OK...I gotta go get strawberry short cake cakes and knee pads
it wasn't sex, it was awkward naked time.
When he was fingering me, it felt/looked like he was digging around for pocket change.
Dancing like a fucking crazy person to jai ho with a snow ball in her hand. Snow days make her go nuts.
We aren't going to mix hockey and sex texts tonight.
I totally agree. all sexting is on hold till after the games over.
Playoffs. This shit is serious.
So my professor just changed my Final to 7:45am on May 6th. Shouldn't a Spanish professor understand the implications of Cinco de Mayo???
you should be careful. everyone knows your chances of pregnancy increase by 100 percent when youre the daughter of a religious figure
So if you ever need to know a guy who knows a guy who knows a guy that can put a 24oz beer can up his ass... Hit me up...
Remember me drinking the vodka from in between your legs?

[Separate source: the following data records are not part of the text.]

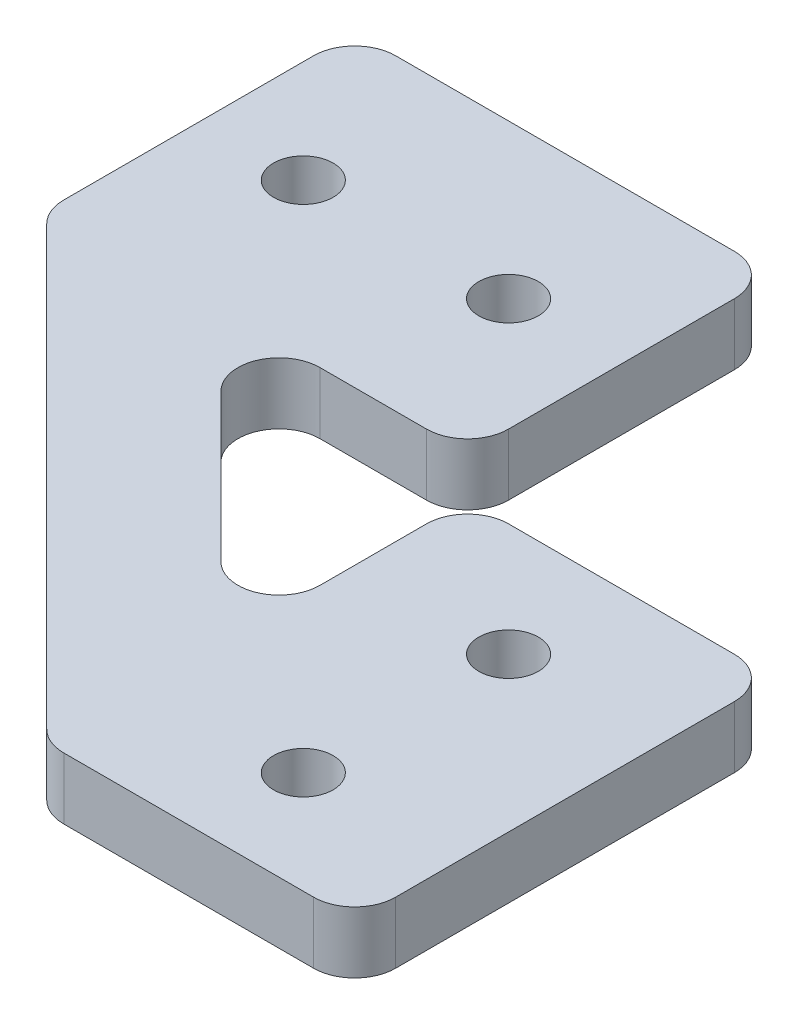
ISO-10303-21;
HEADER;
FILE_DESCRIPTION(('STEP AP214'),'2;1');
FILE_NAME('part.step','',(''),(''),'','','');
FILE_SCHEMA(('AUTOMOTIVE_DESIGN { 1 0 10303 214 1 1 1 1 }'));
ENDSEC;
DATA;
#1=APPLICATION_CONTEXT('core data for automotive mechanical design processes');
#2=APPLICATION_PROTOCOL_DEFINITION('international standard','automotive_design',2000,#1);
#3=PRODUCT_CONTEXT('',#1,'mechanical');
#4=PRODUCT('Part','Part','',(#3));
#5=PRODUCT_RELATED_PRODUCT_CATEGORY('part','',(#4));
#6=PRODUCT_DEFINITION_FORMATION('','',#4);
#7=PRODUCT_DEFINITION_CONTEXT('part definition',#1,'design');
#8=PRODUCT_DEFINITION('design','',#6,#7);
#9=PRODUCT_DEFINITION_SHAPE('','',#8);
#10=(LENGTH_UNIT() NAMED_UNIT(*) SI_UNIT(.MILLI.,.METRE.));
#11=(NAMED_UNIT(*) PLANE_ANGLE_UNIT() SI_UNIT($,.RADIAN.));
#12=(NAMED_UNIT(*) SI_UNIT($,.STERADIAN.) SOLID_ANGLE_UNIT());
#13=UNCERTAINTY_MEASURE_WITH_UNIT(LENGTH_MEASURE(1.E-05),#10,'distance_accuracy_value','');
#14=(GEOMETRIC_REPRESENTATION_CONTEXT(3) GLOBAL_UNCERTAINTY_ASSIGNED_CONTEXT((#13)) GLOBAL_UNIT_ASSIGNED_CONTEXT((#10,
#11,#12)) REPRESENTATION_CONTEXT('',''));
#15=CARTESIAN_POINT('',(0.,0.,0.));
#16=DIRECTION('',(0.,0.,1.));
#17=DIRECTION('',(1.,0.,0.));
#18=AXIS2_PLACEMENT_3D('',#15,#16,#17);
#19=CARTESIAN_POINT('',(0.,3.,0.));
#20=DIRECTION('',(0.,-1.,0.));
#21=DIRECTION('',(0.,0.,-1.));
#22=AXIS2_PLACEMENT_3D('',#19,#20,#21);
#23=PLANE('',#22);
#24=DIRECTION('',(0.,0.,-1.));
#25=VECTOR('',#24,1.);
#26=CARTESIAN_POINT('',(0.,3.,0.));
#27=LINE('',#26,#25);
#28=CARTESIAN_POINT('',(0.,3.,35.5));
#29=VERTEX_POINT('',#28);
#30=CARTESIAN_POINT('',(0.,3.,19.));
#31=VERTEX_POINT('',#30);
#32=EDGE_CURVE('E206',#29,#31,#27,.T.);
#33=ORIENTED_EDGE('',*,*,#32,.T.);
#34=CARTESIAN_POINT('',(-2.,3.,19.));
#35=DIRECTION('',(0.,-1.,0.));
#36=DIRECTION('',(0.,0.,-1.));
#37=AXIS2_PLACEMENT_3D('',#34,#35,#36);
#38=CIRCLE('',#37,2.);
#39=CARTESIAN_POINT('',(-2.,3.,17.));
#40=VERTEX_POINT('',#39);
#41=EDGE_CURVE('E267',#31,#40,#38,.F.);
#42=ORIENTED_EDGE('',*,*,#41,.T.);
#43=DIRECTION('',(1.,0.,0.));
#44=VECTOR('',#43,1.);
#45=CARTESIAN_POINT('',(0.,3.,17.));
#46=LINE('',#45,#44);
#47=CARTESIAN_POINT('',(-13.,3.,17.));
#48=VERTEX_POINT('',#47);
#49=EDGE_CURVE('E477',#48,#40,#46,.T.);
#50=ORIENTED_EDGE('',*,*,#49,.F.);
#51=CARTESIAN_POINT('',(-13.,3.,19.));
#52=DIRECTION('',(0.,-1.,0.));
#53=DIRECTION('',(0.,0.,-1.));
#54=AXIS2_PLACEMENT_3D('',#51,#52,#53);
#55=CIRCLE('',#54,2.);
#56=CARTESIAN_POINT('',(-15.,3.,19.));
#57=VERTEX_POINT('',#56);
#58=EDGE_CURVE('E264',#48,#57,#55,.F.);
#59=ORIENTED_EDGE('',*,*,#58,.T.);
#60=DIRECTION('',(0.,0.,1.));
#61=VECTOR('',#60,1.);
#62=CARTESIAN_POINT('',(-15.,3.,37.5));
#63=LINE('',#62,#61);
#64=CARTESIAN_POINT('',(-15.,3.,24.1862915010152));
#65=VERTEX_POINT('',#64);
#66=EDGE_CURVE('E368',#57,#65,#63,.T.);
#67=ORIENTED_EDGE('',*,*,#66,.T.);
#68=CARTESIAN_POINT('',(-17.,3.,24.1862915010152));
#69=DIRECTION('',(0.,-1.,0.));
#70=DIRECTION('',(0.,0.,-1.));
#71=AXIS2_PLACEMENT_3D('',#68,#69,#70);
#72=CIRCLE('',#71,2.);
#73=CARTESIAN_POINT('',(-18.4142135623731,3.,25.6005050633883));
#74=VERTEX_POINT('',#73);
#75=EDGE_CURVE('E347',#65,#74,#72,.T.);
#76=ORIENTED_EDGE('',*,*,#75,.T.);
#77=DIRECTION('',(-0.707106781186548,0.,-0.707106781186547));
#78=VECTOR('',#77,1.);
#79=CARTESIAN_POINT('',(-15.,3.,29.0147186257614));
#80=LINE('',#79,#78);
#81=CARTESIAN_POINT('',(-25.6005050633883,3.,18.4142135623731));
#82=VERTEX_POINT('',#81);
#83=EDGE_CURVE('E359',#74,#82,#80,.T.);
#84=ORIENTED_EDGE('',*,*,#83,.T.);
#85=CARTESIAN_POINT('',(-24.1862915010152,3.,17.));
#86=DIRECTION('',(0.,-1.,0.));
#87=DIRECTION('',(0.,0.,-1.));
#88=AXIS2_PLACEMENT_3D('',#85,#86,#87);
#89=CIRCLE('',#88,2.);
#90=CARTESIAN_POINT('',(-24.1862915010152,3.,15.));
#91=VERTEX_POINT('',#90);
#92=EDGE_CURVE('E54',#82,#91,#89,.T.);
#93=ORIENTED_EDGE('',*,*,#92,.T.);
#94=DIRECTION('',(1.,0.,0.));
#95=VECTOR('',#94,1.);
#96=CARTESIAN_POINT('',(-37.5,3.,15.));
#97=LINE('',#96,#95);
#98=CARTESIAN_POINT('',(-19.,3.,15.));
#99=VERTEX_POINT('',#98);
#100=EDGE_CURVE('E357',#91,#99,#97,.T.);
#101=ORIENTED_EDGE('',*,*,#100,.T.);
#102=CARTESIAN_POINT('',(-19.,3.,13.));
#103=DIRECTION('',(0.,-1.,0.));
#104=DIRECTION('',(0.,0.,-1.));
#105=AXIS2_PLACEMENT_3D('',#102,#103,#104);
#106=CIRCLE('',#105,2.);
#107=CARTESIAN_POINT('',(-17.,3.,13.));
#108=VERTEX_POINT('',#107);
#109=EDGE_CURVE('E258',#99,#108,#106,.F.);
#110=ORIENTED_EDGE('',*,*,#109,.T.);
#111=DIRECTION('',(0.,0.,1.));
#112=VECTOR('',#111,1.);
#113=CARTESIAN_POINT('',(-17.,3.,0.));
#114=LINE('',#113,#112);
#115=CARTESIAN_POINT('',(-17.,3.,2.));
#116=VERTEX_POINT('',#115);
#117=EDGE_CURVE('E483',#116,#108,#114,.T.);
#118=ORIENTED_EDGE('',*,*,#117,.F.);
#119=CARTESIAN_POINT('',(-19.,3.,2.));
#120=DIRECTION('',(0.,-1.,0.));
#121=DIRECTION('',(0.,0.,-1.));
#122=AXIS2_PLACEMENT_3D('',#119,#120,#121);
#123=CIRCLE('',#122,2.);
#124=CARTESIAN_POINT('',(-19.,3.,0.));
#125=VERTEX_POINT('',#124);
#126=EDGE_CURVE('E261',#116,#125,#123,.F.);
#127=ORIENTED_EDGE('',*,*,#126,.T.);
#128=DIRECTION('',(-1.,0.,0.));
#129=VECTOR('',#128,1.);
#130=CARTESIAN_POINT('',(0.,3.,0.));
#131=LINE('',#130,#129);
#132=CARTESIAN_POINT('',(-35.5,3.,0.));
#133=VERTEX_POINT('',#132);
#134=EDGE_CURVE('E421',#125,#133,#131,.T.);
#135=ORIENTED_EDGE('',*,*,#134,.T.);
#136=CARTESIAN_POINT('',(-35.5,3.,2.));
#137=DIRECTION('',(0.,-1.,0.));
#138=DIRECTION('',(0.,0.,-1.));
#139=AXIS2_PLACEMENT_3D('',#136,#137,#138);
#140=CIRCLE('',#139,2.);
#141=CARTESIAN_POINT('',(-37.5,3.,2.));
#142=VERTEX_POINT('',#141);
#143=EDGE_CURVE('E249',#133,#142,#140,.F.);
#144=ORIENTED_EDGE('',*,*,#143,.T.);
#145=DIRECTION('',(0.,0.,1.));
#146=VECTOR('',#145,1.);
#147=CARTESIAN_POINT('',(-37.5,3.,0.));
#148=LINE('',#147,#146);
#149=CARTESIAN_POINT('',(-37.5,3.,14.1715728752538));
#150=VERTEX_POINT('',#149);
#151=EDGE_CURVE('E369',#142,#150,#148,.T.);
#152=ORIENTED_EDGE('',*,*,#151,.T.);
#153=CARTESIAN_POINT('',(-35.5,3.,14.1715728752538));
#154=DIRECTION('',(0.,-1.,0.));
#155=DIRECTION('',(0.,0.,-1.));
#156=AXIS2_PLACEMENT_3D('',#153,#154,#155);
#157=CIRCLE('',#156,2.);
#158=CARTESIAN_POINT('',(-36.9142135623731,3.,15.5857864376269));
#159=VERTEX_POINT('',#158);
#160=EDGE_CURVE('E252',#150,#159,#157,.F.);
#161=ORIENTED_EDGE('',*,*,#160,.T.);
#162=DIRECTION('',(0.707106781186548,0.,0.707106781186547));
#163=VECTOR('',#162,1.);
#164=CARTESIAN_POINT('',(-37.5,3.,15.));
#165=LINE('',#164,#163);
#166=CARTESIAN_POINT('',(-15.5857864376269,3.,36.9142135623731));
#167=VERTEX_POINT('',#166);
#168=EDGE_CURVE('E390',#159,#167,#165,.T.);
#169=ORIENTED_EDGE('',*,*,#168,.T.);
#170=CARTESIAN_POINT('',(-14.1715728752538,3.,35.5));
#171=DIRECTION('',(0.,-1.,0.));
#172=DIRECTION('',(0.,0.,-1.));
#173=AXIS2_PLACEMENT_3D('',#170,#171,#172);
#174=CIRCLE('',#173,2.);
#175=CARTESIAN_POINT('',(-14.1715728752538,3.,37.5));
#176=VERTEX_POINT('',#175);
#177=EDGE_CURVE('E255',#167,#176,#174,.F.);
#178=ORIENTED_EDGE('',*,*,#177,.T.);
#179=DIRECTION('',(1.,0.,0.));
#180=VECTOR('',#179,1.);
#181=CARTESIAN_POINT('',(0.,3.,37.5));
#182=LINE('',#181,#180);
#183=CARTESIAN_POINT('',(-1.99999999999999,3.,37.5));
#184=VERTEX_POINT('',#183);
#185=EDGE_CURVE('E209',#176,#184,#182,.T.);
#186=ORIENTED_EDGE('',*,*,#185,.T.);
#187=CARTESIAN_POINT('',(-2.,3.,35.5));
#188=DIRECTION('',(0.,-1.,0.));
#189=DIRECTION('',(0.,0.,-1.));
#190=AXIS2_PLACEMENT_3D('',#187,#188,#189);
#191=CIRCLE('',#190,2.);
#192=EDGE_CURVE('E246',#184,#29,#191,.F.);
#193=ORIENTED_EDGE('',*,*,#192,.T.);
#194=EDGE_LOOP('',(#33,#42,#50,#59,#67,#76,#84,#93,#101,#110,#118,#127,#135,#144,#152,#161,#169,
#178,#186,#193));
#195=FACE_BOUND('',#194,.T.);
#196=CARTESIAN_POINT('',(-22.5,3.,7.5));
#197=DIRECTION('',(0.,1.,0.));
#198=DIRECTION('',(0.,0.,1.));
#199=AXIS2_PLACEMENT_3D('',#196,#197,#198);
#200=CIRCLE('',#199,1.45);
#201=CARTESIAN_POINT('',(-22.5,3.,8.95));
#202=VERTEX_POINT('',#201);
#203=EDGE_CURVE('E218',#202,#202,#200,.T.);
#204=ORIENTED_EDGE('',*,*,#203,.F.);
#205=EDGE_LOOP('',(#204));
#206=FACE_BOUND('',#205,.T.);
#207=CARTESIAN_POINT('',(-32.5,3.,7.5));
#208=DIRECTION('',(0.,1.,0.));
#209=DIRECTION('',(0.,0.,1.));
#210=AXIS2_PLACEMENT_3D('',#207,#208,#209);
#211=CIRCLE('',#210,1.45);
#212=CARTESIAN_POINT('',(-32.5,3.,8.95));
#213=VERTEX_POINT('',#212);
#214=EDGE_CURVE('E409',#213,#213,#211,.T.);
#215=ORIENTED_EDGE('',*,*,#214,.F.);
#216=EDGE_LOOP('',(#215));
#217=FACE_BOUND('',#216,.T.);
#218=CARTESIAN_POINT('',(-7.5,3.,22.5));
#219=DIRECTION('',(0.,1.,0.));
#220=DIRECTION('',(0.,0.,1.));
#221=AXIS2_PLACEMENT_3D('',#218,#219,#220);
#222=CIRCLE('',#221,1.45);
#223=CARTESIAN_POINT('',(-7.5,3.,23.95));
#224=VERTEX_POINT('',#223);
#225=EDGE_CURVE('E401',#224,#224,#222,.T.);
#226=ORIENTED_EDGE('',*,*,#225,.F.);
#227=EDGE_LOOP('',(#226));
#228=FACE_BOUND('',#227,.T.);
#229=CARTESIAN_POINT('',(-7.5,3.,32.5));
#230=DIRECTION('',(0.,1.,0.));
#231=DIRECTION('',(0.,0.,1.));
#232=AXIS2_PLACEMENT_3D('',#229,#230,#231);
#233=CIRCLE('',#232,1.45);
#234=CARTESIAN_POINT('',(-7.5,3.,33.95));
#235=VERTEX_POINT('',#234);
#236=EDGE_CURVE('E384',#235,#235,#233,.T.);
#237=ORIENTED_EDGE('',*,*,#236,.F.);
#238=EDGE_LOOP('',(#237));
#239=FACE_BOUND('',#238,.T.);
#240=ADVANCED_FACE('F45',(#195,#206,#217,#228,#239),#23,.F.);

Burnt myself on soup.. consencus go back to hospl. they will lov me. twins in one nigh. still hve band on. fuck
Did you really lure me out of the bar with a blond holding a dunkin donuts bag? Well played sir, well played.
There is nothing quite so awkward as watching topless bullriding with your mother next to you..
How do I respond to this?! It's not easy to say "you're hot & the sex was good, but outside the bedroom you scare me"
So that guy from plenty of fish has a lightning bolt tattooed on his face. I kinda feel like I HAVE to sleep with him now.
When I told her I was deaf and took my hearing aids out at night to sleep, she said it must be nice not having to hear drunken roommates having awkward sex late at night.